ABOUT THIS TASK: The answer must consist of every line in the records that contains the word "units".
• • •
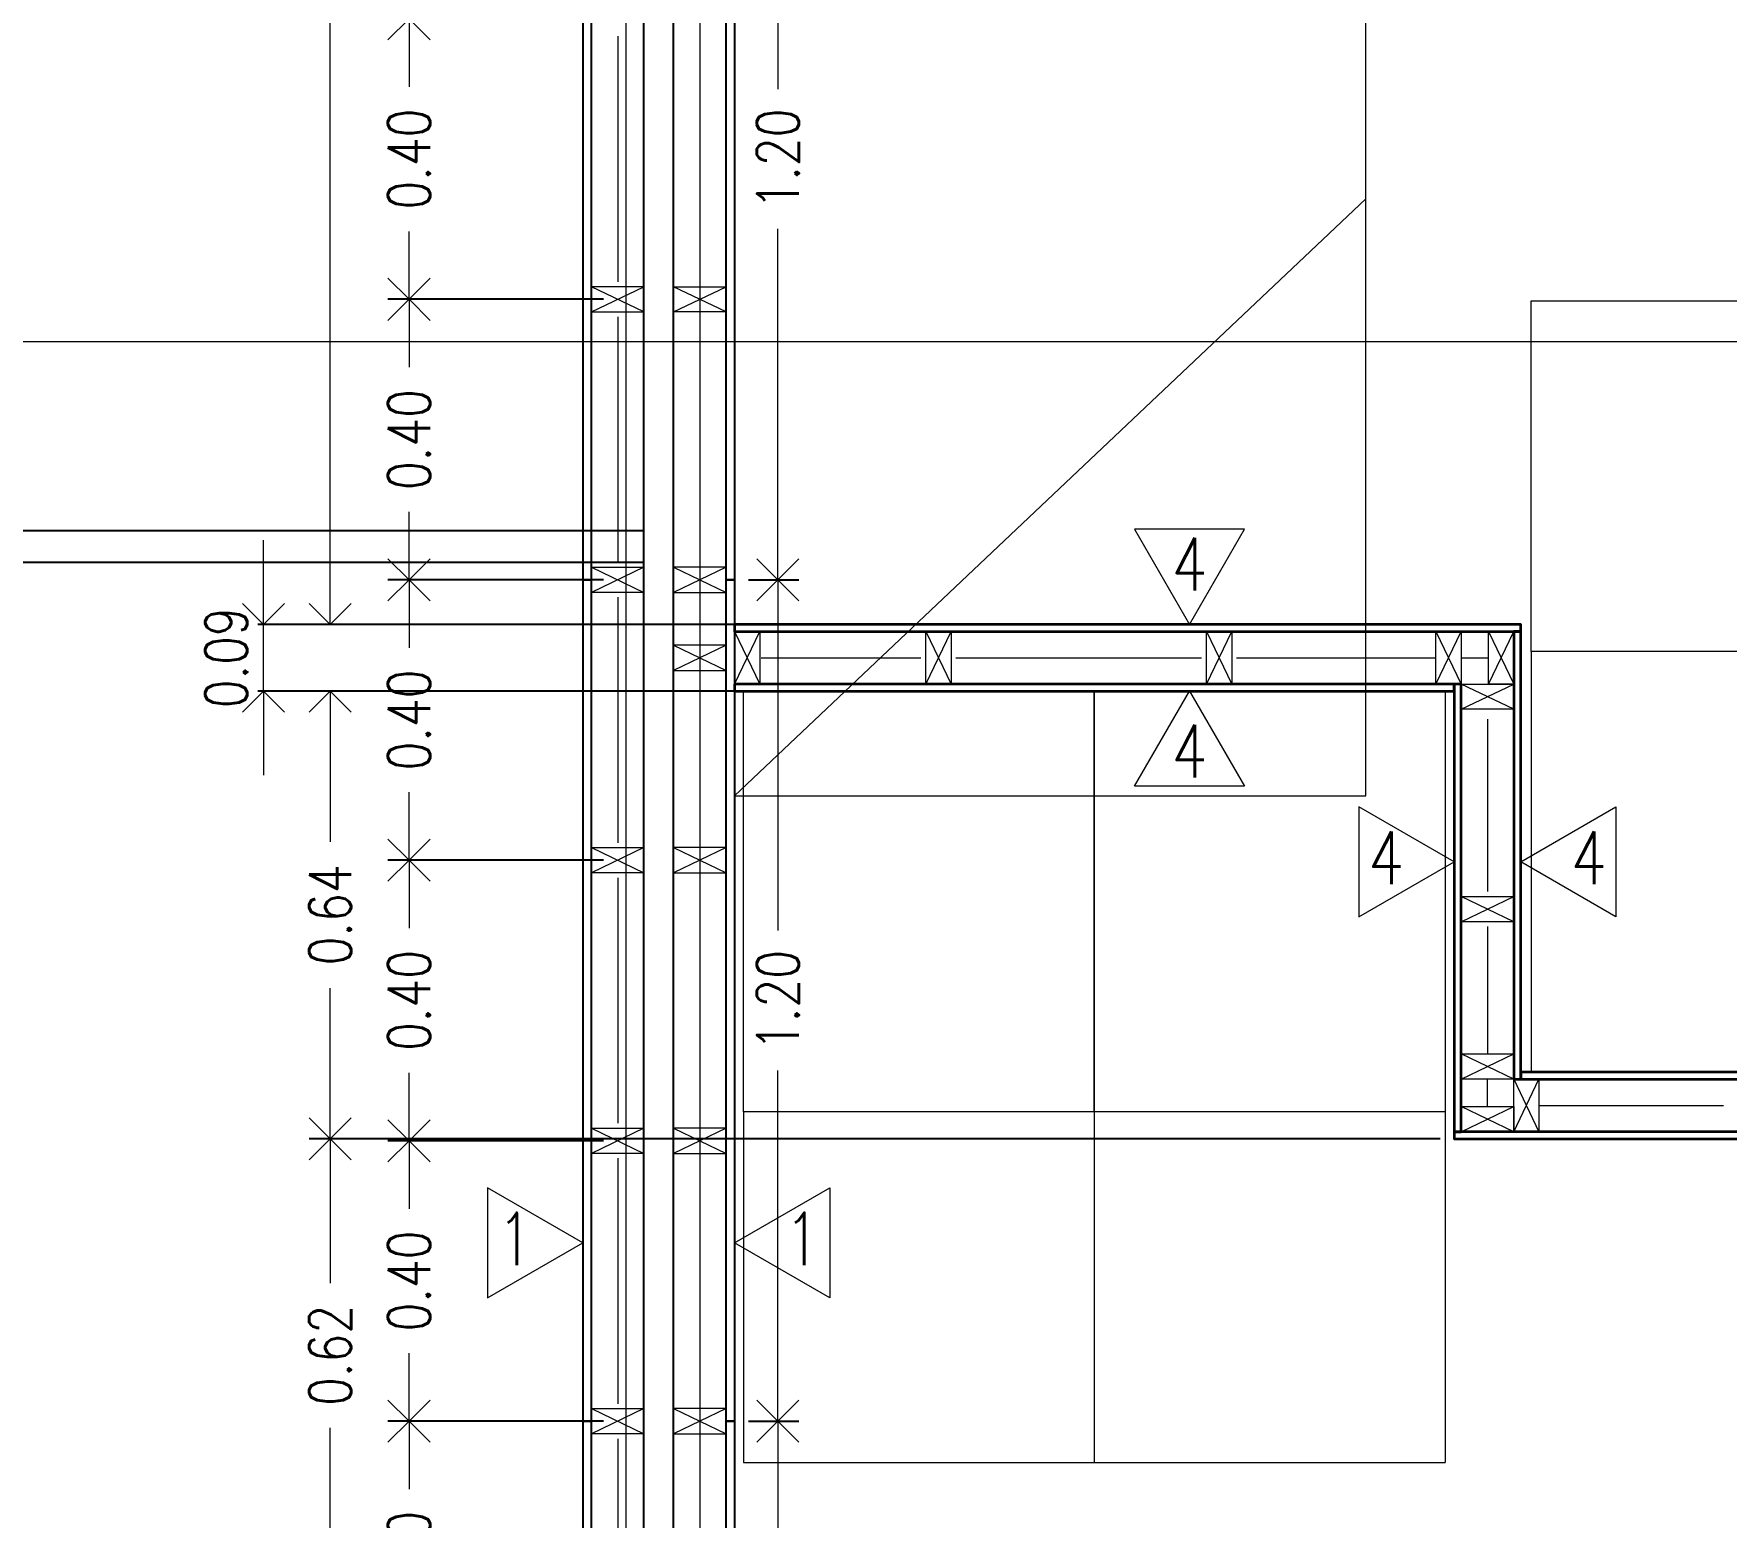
# Model space of a CAD drawing. Header units: inches. Extents: x 10.8 to 60.4, y 12.2 to 79.7.
# Drawn here: x 25.113 to 27.525, y 37.457 to 39.572 of the extents above; entities that cross this region are included whole.
import ezdxf

# ---------------------------------------------------------------- set-up
doc = ezdxf.new("R2010")
doc.units = ezdxf.units.IN
doc.header["$MEASUREMENT"] = 0
doc.layers.get('DEFPOINTS').update_dxf_attribs({"color": 210})
for name, color, linetype, lineweight in [('A-ANNO-DIMS', 3, 'Continuous', 18), ('A-ANNO-SYMB', 3, 'Continuous', 18), ('A-ANNO-TEXT', 3, 'Continuous', 18), ('A-DETL-MCUT', 4, 'Continuous', 25), ('A-ELEV-MBE2', 4, 'Continuous', 25), ('A-FURN', 8, 'Continuous', 18), ('A-SECT-MCUT', 7, 'Continuous', 35), ('A-WALL-PATT', 8, 'Continuous', 18), ('A-WALL-STUD', 3, 'Continuous', 18)]:
    doc.layers.add(name, color=color, linetype=linetype, lineweight=lineweight)
doc.styles.add('E-ROMANS', font='romans.shx', dxfattribs={"width": 0.8})
doc.dimstyles.new('E-0050_ARW_12', dxfattribs={"dimscale": 0.001, "dimtxt": 60, "dimasz": 60, "dimexe": 30, "dimexo": 20, "dimgap": 30, "dimtad": 0, "dimzin": 0, "dimdsep": 46, "dimtxsty": 'E-ROMANS', "dimblk": 'OPEN90', "dimcen": 30, "dimclrd": 256, "dimclre": 256, "dimclrt": 256, "dimadec": 0, "dimazin": 0, "dimtfac": 1, "dimtmove": 1, "dimatfit": 3, "dimldrblk": 'OPEN90', "dimfxl": 1, "dimtfill": 1, "dimtolj": 1, "dimtzin": 0, "dimlwd": -1, "dimarcsym": 0})

# ---------------------------------------------------------------- blocks, each defined once
blk = doc.blocks.new('_Open90')
at = {"color": 0, "linetype": 'ByBlock', "lineweight": -2}
for p, q in [((-0.5, 0.5), (0, 0)), ((0, 0), (-1, 0)), ((0, 0), (-0.5, -0.5))]:
    blk.add_line(p, q, dxfattribs=at)
blk = doc.blocks.new('*D1014')
at = {"layer": 'A-ANNO-DIMS', "lineweight": -2, "transparency": 16777216}
for p, q in [((26.1319, 37.5934), (26.2038, 37.5934)), ((26.1319, 36.3934), (26.2038, 36.3934))]:
    blk.add_line(p, q, dxfattribs=at)
at = {"layer": 'A-ANNO-DIMS', "transparency": 16777216}
for p, q in [((26.1738, 37.5334), (26.1738, 37.0931)), ((26.1738, 36.4534), (26.1738, 36.8937))]:
    blk.add_line(p, q, dxfattribs=at)
at = {"layer": 'DEFPOINTS', "color": 0, "transparency": 16777216}
for p in [(26.1119, 37.5934), (26.1738, 37.5934), (26.1119, 36.3934)]:
    blk.add_point(p, dxfattribs=at)
at = {"layer": 'A-ANNO-DIMS', "transparency": 16777216, "xscale": 0.06, "yscale": 0.06, "zscale": 0.06}
for p, rotation in [((26.1738, 37.5934), 90), ((26.1738, 36.3934), 270)]:
    blk.add_blockref('_Open90', p, dxfattribs=dict(at, rotation=rotation))
at = {"layer": 'A-ANNO-DIMS', "transparency": 16777216, "insert": (26.1738, 36.9934), "char_height": 0.06, "attachment_point": 5, "rotation": 90, "style": 'E-ROMANS', "bg_fill": 3, "box_fill_scale": 1.25, "bg_fill_color": 256, "bg_fill_true_color": 13158600, "bg_fill_transparency": 0}
blk.add_mtext('\\A1;1.20', dxfattribs=at)
blk = doc.blocks.new('*D1015')
at = {"layer": 'A-ANNO-DIMS', "lineweight": -2, "transparency": 16777216}
for p, q in [((26.1319, 38.7934), (26.2038, 38.7934)), ((26.1319, 37.5934), (26.2038, 37.5934))]:
    blk.add_line(p, q, dxfattribs=at)
at = {"layer": 'A-ANNO-DIMS', "transparency": 16777216}
for p, q in [((26.1738, 38.7334), (26.1738, 38.2931)), ((26.1738, 37.6534), (26.1738, 38.0937))]:
    blk.add_line(p, q, dxfattribs=at)
at = {"layer": 'DEFPOINTS', "color": 0, "transparency": 16777216}
for p in [(26.1119, 38.7934), (26.1738, 38.7934), (26.1119, 37.5934)]:
    blk.add_point(p, dxfattribs=at)
at = {"layer": 'A-ANNO-DIMS', "transparency": 16777216, "xscale": 0.06, "yscale": 0.06, "zscale": 0.06}
for p, rotation in [((26.1738, 38.7934), 90), ((26.1738, 37.5934), 270)]:
    blk.add_blockref('_Open90', p, dxfattribs=dict(at, rotation=rotation))
at = {"layer": 'A-ANNO-DIMS', "transparency": 16777216, "insert": (26.1738, 38.1934), "char_height": 0.06, "attachment_point": 5, "rotation": 90, "style": 'E-ROMANS', "bg_fill": 3, "box_fill_scale": 1.25, "bg_fill_color": 256, "bg_fill_true_color": 13158600, "bg_fill_transparency": 0}
blk.add_mtext('\\A1;1.20', dxfattribs=at)
blk = doc.blocks.new('*D1016')
at = {"layer": 'A-ANNO-DIMS', "lineweight": -2, "transparency": 16777216}
for p, q in [((26.1319, 39.9934), (26.2038, 39.9934)), ((26.1319, 38.7934), (26.2038, 38.7934))]:
    blk.add_line(p, q, dxfattribs=at)
at = {"layer": 'A-ANNO-DIMS', "transparency": 16777216}
for p, q in [((26.1738, 39.9334), (26.1738, 39.4931)), ((26.1738, 38.8534), (26.1738, 39.2937))]:
    blk.add_line(p, q, dxfattribs=at)
at = {"layer": 'DEFPOINTS', "color": 0, "transparency": 16777216}
for p in [(26.1119, 39.9934), (26.1738, 39.9934), (26.1119, 38.7934)]:
    blk.add_point(p, dxfattribs=at)
at = {"layer": 'A-ANNO-DIMS', "transparency": 16777216, "xscale": 0.06, "yscale": 0.06, "zscale": 0.06}
for p, rotation in [((26.1738, 39.9934), 90), ((26.1738, 38.7934), 270)]:
    blk.add_blockref('_Open90', p, dxfattribs=dict(at, rotation=rotation))
at = {"layer": 'A-ANNO-DIMS', "transparency": 16777216, "insert": (26.1738, 39.3934), "char_height": 0.06, "attachment_point": 5, "rotation": 90, "style": 'E-ROMANS', "bg_fill": 3, "box_fill_scale": 1.25, "bg_fill_color": 256, "bg_fill_true_color": 13158600, "bg_fill_transparency": 0}
blk.add_mtext('\\A1;1.20', dxfattribs=at)
blk = doc.blocks.new('*D836')
at = {"layer": 'A-ANNO-DIMS', "lineweight": -2, "transparency": 16777216}
for p, q in [((25.9254, 37.5934), (25.618, 37.5934)), ((25.9254, 37.1934), (25.618, 37.1934))]:
    blk.add_line(p, q, dxfattribs=at)
at = {"layer": 'A-ANNO-DIMS', "transparency": 16777216}
for p, q in [((25.648, 37.5334), (25.648, 37.4965)), ((25.648, 37.2534), (25.648, 37.2903))]:
    blk.add_line(p, q, dxfattribs=at)
at = {"layer": 'DEFPOINTS', "color": 0, "transparency": 16777216}
for p in [(25.648, 37.5934), (25.9454, 37.5934), (25.9454, 37.1934)]:
    blk.add_point(p, dxfattribs=at)
at = {"layer": 'A-ANNO-DIMS', "transparency": 16777216, "xscale": 0.06, "yscale": 0.06, "zscale": 0.06}
for p, rotation in [((25.648, 37.5934), 90), ((25.648, 37.1934), 270)]:
    blk.add_blockref('_Open90', p, dxfattribs=dict(at, rotation=rotation))
at = {"layer": 'A-ANNO-DIMS', "transparency": 16777216, "insert": (25.648, 37.3934), "char_height": 0.06, "attachment_point": 5, "rotation": 90, "style": 'E-ROMANS', "bg_fill": 3, "box_fill_scale": 1.25, "bg_fill_color": 256, "bg_fill_true_color": 13158600, "bg_fill_transparency": 0}
blk.add_mtext('\\A1;0.40', dxfattribs=at)
blk = doc.blocks.new('*D837')
at = {"layer": 'A-ANNO-DIMS', "lineweight": -2, "transparency": 16777216}
for p, q in [((25.9254, 37.9934), (25.618, 37.9934)), ((25.9254, 37.5934), (25.618, 37.5934))]:
    blk.add_line(p, q, dxfattribs=at)
at = {"layer": 'A-ANNO-DIMS', "transparency": 16777216}
for p, q in [((25.648, 37.9334), (25.648, 37.8965)), ((25.648, 37.6534), (25.648, 37.6903))]:
    blk.add_line(p, q, dxfattribs=at)
at = {"layer": 'DEFPOINTS', "color": 0, "transparency": 16777216}
for p in [(25.648, 37.9934), (25.9454, 37.9934), (25.9454, 37.5934)]:
    blk.add_point(p, dxfattribs=at)
at = {"layer": 'A-ANNO-DIMS', "transparency": 16777216, "xscale": 0.06, "yscale": 0.06, "zscale": 0.06}
for p, rotation in [((25.648, 37.9934), 90), ((25.648, 37.5934), 270)]:
    blk.add_blockref('_Open90', p, dxfattribs=dict(at, rotation=rotation))
at = {"layer": 'A-ANNO-DIMS', "transparency": 16777216, "insert": (25.648, 37.7934), "char_height": 0.06, "attachment_point": 5, "rotation": 90, "style": 'E-ROMANS', "bg_fill": 3, "box_fill_scale": 1.25, "bg_fill_color": 256, "bg_fill_true_color": 13158600, "bg_fill_transparency": 0}
blk.add_mtext('\\A1;0.40', dxfattribs=at)
blk = doc.blocks.new('*D838')
at = {"layer": 'A-ANNO-DIMS', "lineweight": -2, "transparency": 16777216}
for p, q in [((25.9254, 38.3934), (25.618, 38.3934)), ((25.9254, 37.9934), (25.618, 37.9934))]:
    blk.add_line(p, q, dxfattribs=at)
at = {"layer": 'A-ANNO-DIMS', "transparency": 16777216}
for p, q in [((25.648, 38.3334), (25.648, 38.2965)), ((25.648, 38.0534), (25.648, 38.0903))]:
    blk.add_line(p, q, dxfattribs=at)
at = {"layer": 'DEFPOINTS', "color": 0, "transparency": 16777216}
for p in [(25.648, 38.3934), (25.9454, 38.3934), (25.9454, 37.9934)]:
    blk.add_point(p, dxfattribs=at)
at = {"layer": 'A-ANNO-DIMS', "transparency": 16777216, "xscale": 0.06, "yscale": 0.06, "zscale": 0.06}
for p, rotation in [((25.648, 38.3934), 90), ((25.648, 37.9934), 270)]:
    blk.add_blockref('_Open90', p, dxfattribs=dict(at, rotation=rotation))
at = {"layer": 'A-ANNO-DIMS', "transparency": 16777216, "insert": (25.648, 38.1934), "char_height": 0.06, "attachment_point": 5, "rotation": 90, "style": 'E-ROMANS', "bg_fill": 3, "box_fill_scale": 1.25, "bg_fill_color": 256, "bg_fill_true_color": 13158600, "bg_fill_transparency": 0}
blk.add_mtext('\\A1;0.40', dxfattribs=at)
blk = doc.blocks.new('*D839')
at = {"layer": 'A-ANNO-DIMS', "lineweight": -2, "transparency": 16777216}
for p, q in [((25.9254, 38.7934), (25.618, 38.7934)), ((25.9254, 38.3934), (25.618, 38.3934))]:
    blk.add_line(p, q, dxfattribs=at)
at = {"layer": 'A-ANNO-DIMS', "transparency": 16777216}
for p, q in [((25.648, 38.7334), (25.648, 38.6965)), ((25.648, 38.4534), (25.648, 38.4903))]:
    blk.add_line(p, q, dxfattribs=at)
at = {"layer": 'DEFPOINTS', "color": 0, "transparency": 16777216}
for p in [(25.648, 38.7934), (25.9454, 38.7934), (25.9454, 38.3934)]:
    blk.add_point(p, dxfattribs=at)
at = {"layer": 'A-ANNO-DIMS', "transparency": 16777216, "xscale": 0.06, "yscale": 0.06, "zscale": 0.06}
for p, rotation in [((25.648, 38.7934), 90), ((25.648, 38.3934), 270)]:
    blk.add_blockref('_Open90', p, dxfattribs=dict(at, rotation=rotation))
at = {"layer": 'A-ANNO-DIMS', "transparency": 16777216, "insert": (25.648, 38.5934), "char_height": 0.06, "attachment_point": 5, "rotation": 90, "style": 'E-ROMANS', "bg_fill": 3, "box_fill_scale": 1.25, "bg_fill_color": 256, "bg_fill_true_color": 13158600, "bg_fill_transparency": 0}
blk.add_mtext('\\A1;0.40', dxfattribs=at)
blk = doc.blocks.new('*D840')
at = {"layer": 'A-ANNO-DIMS', "lineweight": -2, "transparency": 16777216}
for p, q in [((25.9254, 39.1933), (25.618, 39.1933)), ((25.9254, 38.7934), (25.618, 38.7934))]:
    blk.add_line(p, q, dxfattribs=at)
at = {"layer": 'A-ANNO-DIMS', "transparency": 16777216}
for p, q in [((25.648, 39.1333), (25.648, 39.0965)), ((25.648, 38.8534), (25.648, 38.8902))]:
    blk.add_line(p, q, dxfattribs=at)
at = {"layer": 'DEFPOINTS', "color": 0, "transparency": 16777216}
for p in [(25.648, 39.1933), (25.9454, 39.1933), (25.9454, 38.7934)]:
    blk.add_point(p, dxfattribs=at)
at = {"layer": 'A-ANNO-DIMS', "transparency": 16777216, "xscale": 0.06, "yscale": 0.06, "zscale": 0.06}
for p, rotation in [((25.648, 39.1933), 90), ((25.648, 38.7934), 270)]:
    blk.add_blockref('_Open90', p, dxfattribs=dict(at, rotation=rotation))
at = {"layer": 'A-ANNO-DIMS', "transparency": 16777216, "insert": (25.648, 38.9933), "char_height": 0.06, "attachment_point": 5, "rotation": 90, "style": 'E-ROMANS', "bg_fill": 3, "box_fill_scale": 1.25, "bg_fill_color": 256, "bg_fill_true_color": 13158600, "bg_fill_transparency": 0}
blk.add_mtext('\\A1;0.40', dxfattribs=at)
blk = doc.blocks.new('*D841')
at = {"layer": 'A-ANNO-DIMS', "lineweight": -2, "transparency": 16777216}
for p, q in [((25.9254, 39.5934), (25.618, 39.5934)), ((25.9254, 39.1933), (25.618, 39.1933))]:
    blk.add_line(p, q, dxfattribs=at)
at = {"layer": 'A-ANNO-DIMS', "transparency": 16777216}
for p, q in [((25.648, 39.5334), (25.648, 39.4965)), ((25.648, 39.2533), (25.648, 39.2902))]:
    blk.add_line(p, q, dxfattribs=at)
at = {"layer": 'DEFPOINTS', "color": 0, "transparency": 16777216}
for p in [(25.648, 39.5934), (25.9454, 39.5934), (25.9454, 39.1933)]:
    blk.add_point(p, dxfattribs=at)
at = {"layer": 'A-ANNO-DIMS', "transparency": 16777216, "xscale": 0.06, "yscale": 0.06, "zscale": 0.06}
for p, rotation in [((25.648, 39.5934), 90), ((25.648, 39.1933), 270)]:
    blk.add_blockref('_Open90', p, dxfattribs=dict(at, rotation=rotation))
at = {"layer": 'A-ANNO-DIMS', "transparency": 16777216, "insert": (25.648, 39.3933), "char_height": 0.06, "attachment_point": 5, "rotation": 90, "style": 'E-ROMANS', "bg_fill": 3, "box_fill_scale": 1.25, "bg_fill_color": 256, "bg_fill_true_color": 13158600, "bg_fill_transparency": 0}
blk.add_mtext('\\A1;0.40', dxfattribs=at)
blk = doc.blocks.new('*D1032')
at = {"layer": 'A-ANNO-DIMS', "lineweight": -2, "transparency": 16777216}
for p, q in [((27.1176, 37.9962), (25.5054, 37.9962)), ((26.0919, 37.3784), (25.5054, 37.3784))]:
    blk.add_line(p, q, dxfattribs=at)
at = {"layer": 'A-ANNO-DIMS', "transparency": 16777216}
for p, q in [((25.5354, 37.9362), (25.5354, 37.7904)), ((25.5354, 37.4384), (25.5354, 37.5842))]:
    blk.add_line(p, q, dxfattribs=at)
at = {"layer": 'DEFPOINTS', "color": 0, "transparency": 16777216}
• • •
RESPONSE BOX:
# Model space of a CAD drawing. Header units: inches. Extents: x 10.8 to 60.4, y 12.2 to 79.7.
doc.units = ezdxf.units.IN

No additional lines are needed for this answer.